03
December 2026

A Social History of the High Street and the High Cost of Fashion

Welcome to The Arts Society Cardiff / Croeso i Gymdeithas Y Celfyddydau Caerdydd
Thursday, December 3, 2026 - 10:30
Chapter Arts Centre, Market Road
Canton Cardiff CF5 1QE
Online Event

 London’s sumptuous Victorian and Edwardian department stores changed the capital – and changed its women. Shoppers of every rank were lavishly wooed, seduced and often undone by the temptations laid out before them in these new ‘cathedrals of desire’. But as consumerism reached ever more frenzied levels, there was a more personal price to pay.
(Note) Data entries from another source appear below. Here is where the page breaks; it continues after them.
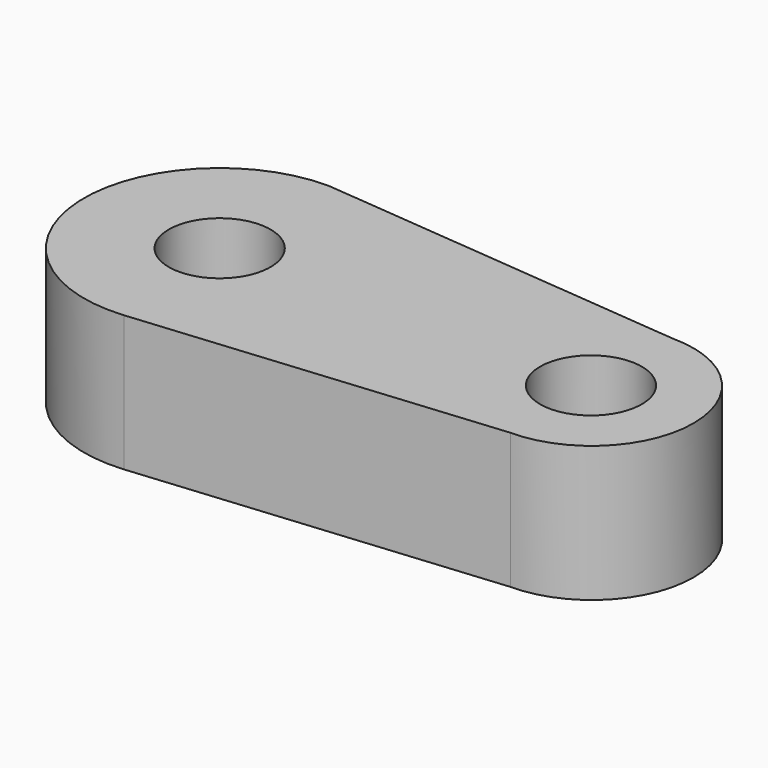
from build123d import *

# Parameters (mm, degrees)
F2_DEPTH = 25.4
F3_D     = 19.05
F3_DEPTH = 25.4
F3_TIP   = 5.7231973962


with BuildPart() as f2:
    # F0 (on Top) → F2 (new body)
    with BuildSketch(Plane.XY):
        with BuildLine():
            ThreePointArc((2.3458816171, -25.2914380658), (18.7715928077, -17.1110287085), (25.4, 0))
            ThreePointArc((25.4, 0), (19.5173228231, 16.2552794445), (4.5941645813, 24.981065866))
            Line((4.5941645813, 24.981065866), (0, 25.4))
            ThreePointArc((0, 25.4), (-25.3728450008, -1.1741961351), (2.3458816171, -25.2914380658))
        make_face()
        with BuildLine():
            ThreePointArc((4.5941645813, 24.981065866), (19.5173228231, 16.2552794445), (25.4, 0))
            ThreePointArc((25.4, 0), (18.7715928077, -17.1110287085), (2.3458816171, -25.2914380658))
            Line((2.3458816171, -25.2914380658), (69.6361139417, -19.05))
            ThreePointArc((69.6361139417, -19.05), (50.5861139417, 0), (69.6361139417, 19.05))
            Line((69.6361139417, 19.05), (4.5941645813, 24.981065866))
        make_face()
        with BuildLine():
            ThreePointArc((88.6861139417, 0), (83.1064981233, 13.4703841816), (69.6361139417, 19.05))
            ThreePointArc((69.6361139417, 19.05), (50.5861139417, 0), (69.6361139417, -19.05))
            ThreePointArc((69.6361139417, -19.05), (83.1064981233, -13.4703841816), (88.6861139417, 0))
        make_face()
    extrude(amount=F2_DEPTH)

    # F3
    with Locations(Plane(origin=(0, 0, 0), x_dir=(1, 0, 0), z_dir=(0, 0, -1))):
        with Locations((0, 0), (69.4895982742, 0)):
            Hole(F3_D / 2, depth=F3_DEPTH)
            with Locations((0, 0, -(F3_DEPTH + F3_TIP / 2))):  # 118° drill point
                Cone(0, F3_D / 2, F3_TIP, mode=Mode.SUBTRACT)


solid = f2.part

 This varied and fascinating day brings to life the untold stories behind objects, institutions and ‘invisible’ people of the late 19th and early 20th-Centuries and will take an in-depth look at:

1: The Victorian ‘big store’ and the rise of consumerism.

2: The cautionary tale of Heather Firbank; the Edwardian shopaholic whose entire couture wardrobe ended up in the Victoria and Albert Museum.
3: Art Deco and the department store; from roof gardens to curved glass walls, Coronation fever to marketing stunts.

THE ARTS SOCIETY ACCREDITED LECTURER

Ms Tessa Boase

Tessa Boase is a freelance journalist, author, lecturer and campaigner with an interest in uncovering the stories of invisible women from the 19th and early 20th-centuries – revealing how they drove industry, propped up society and influenced politics.

She’s the author of three books of social history: The Housekeeper’s Tale: The Women Who Really Ran the English Country House (2014); Etta Lemon: The Woman Who Saved the Birds (first published as Mrs Pankhurst’s Purple Feather in 2018), and London’s Lost Department Stores: A Vanished World of Dazzle and Dreams (2022).

Since uncovering the feminist origins of the RSPB, Tessa has been campaigning for public recognition of its female founders with plaques, portraits and a statue.